My day-to-day responsibilities didn’t change that dramatically because I had already been running operations. I certainly had a bigger hand in defining the agency’s long-term vision, but for me, the most significant shift was the level of responsibility I felt for my staff and the business. As CEO, you are no longer a step removed. You no longer have a safety net. I was struck by a powerful instinct to maintain our success and grow the business in order to protect our staff – I have two biological kids, but now nearly 100 others. In my mind, as CEO, I work for all of them now, not the other way around.

How has the PR and media landscape changed since you launched the business over 15 years ago?

It’s unrecognizable in the best way possible. Traditional PR doesn’t exist anymore. The successful agencies in the market today saw around corners, evolved quickly and reestablished our position on the marketing communications spectrum. Blurring the lines between marketing, advertising and PR, integrating social media, defining the role of influencers, offering creative services – it was a new frontier and not for the faint of heart.

I live by the quote, “Comfort is the enemy of progress.” If you aren’t uncomfortable, you are stagnant. One of the many things I love about the communications industry is that it is very easy to stay uncomfortable and continuously evolve how we can best serve our clients. Launching new capabilities, specialties, products and services, even new revenue models – whatever makes you uncomfortable!

Tell us about the decision to merge with HL Group.

We are incredibly lucky to be part of a highly collaborative network, Stagwell, that encourages integration across agencies. We had worked with our colleagues at HL Group over the years and discovered so many synergies. While we were highly complementary agencies from a capabilities perspective, our areas of expertise were distinct. HL Group’s reputation in consumer lifestyle was unmatched, as was KWT Global’s in corporate. Clients wanted both.

One of our most significant areas of focus during the pandemic was organic growth as clients were looking to consolidate agencies across their organizations. The merger enabled us to provide clients with exactly that solution, allowing us to create bespoke teams for integrated work across consumer, corporate, B2B, social, influencer, creative and design.

How does KWT Global differentiate itself in the field today?

We are a dynamic, fully integrated agency working with clients across a wide range of industries. This range is purposeful, and it is the foundation of our multi-specialist approach. We know that the cultural, societal, and economic trends affecting one industry vertical never happen in a vacuum. Our teams are constantly sharing information and applying cross-category insights to keep our clients informed and inspired.

What are a few spots you love to visit in the cities where KWT Global has offices?

In New York, it’s all about the food and drinks! My first love in NYC (besides my husband of course) was Nobu – their grapefruit elderflower martini is life-altering.

London during the holidays is a dream – walking along the south bank of the Thames, shopping at the outdoor Christmas markets and hopping into a neighborhood pub.

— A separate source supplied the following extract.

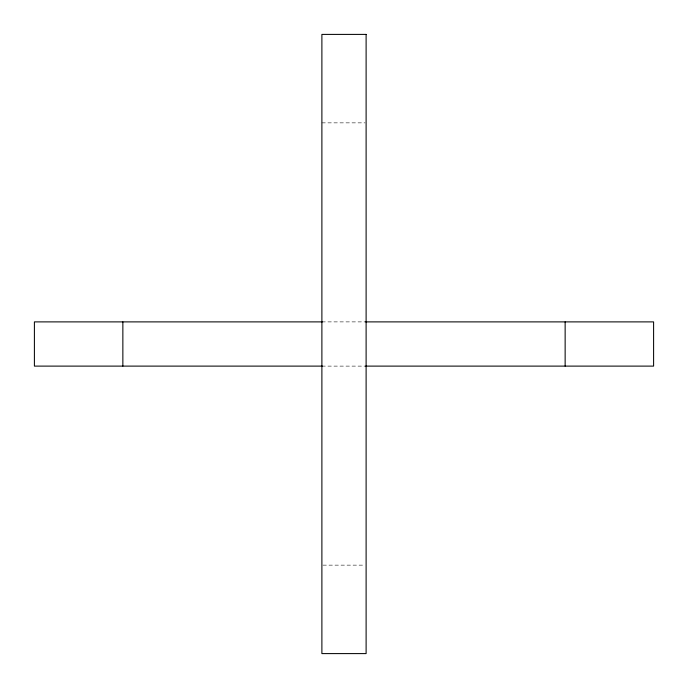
<?xml version="1.0" encoding="UTF-8"?>
<svg xmlns="http://www.w3.org/2000/svg" width="688" height="688" viewBox="0 0 688 688"><rect width="100%" height="100%" fill="white"/><g stroke="black" fill="none" stroke-linecap="round" stroke-linejoin="round"><path stroke-width="0.52" stroke-dasharray="3.44 2.58" d="M321.889 122.86L365.061 122.86M321.889 321.889L365.061 321.889M321.889 366.111L365.061 366.111M322.939 565.14L365.061 565.14"/><path stroke-width="1.03" d="M322.5 321.889L34.4 321.889L34.4 366.111L322.5 366.111M365.5 321.889L653.6 321.889L653.6 366.111L365.5 366.111M565.14 321.889L565.14 366.111M122.86 321.889L122.86 366.111M366.111 34.4L321.889 34.4L321.889 653.6L366.111 653.6L366.111 34.4"/></g></svg>

When I’m in LA, the weather plays a key role! Vegan Mexican restaurant Gracias Madre has an incredible outdoor patio, and Craig’s is right across the street for dinner or drinks with the team.

If you find yourself in Chicago, head over to Girl & the Goat or Duck Duck Goat, led by Stephanie Izard, an amazing female chef local to the city.

What are some current or upcoming projects you’re excited about?

We are excited to continue leaning into some of our more nascent capabilities and have plans to significantly grow our ESG specialty as well as entertainment marketing. Our mission of bringing clients’ brand purpose to life will continue to drive all of our growth and expansion efforts. That said, we will always stay true to our multi-specialist positioning, which allows us to tailor highly integrated teams to our clients to develop meaningful, impactful and award-winning work.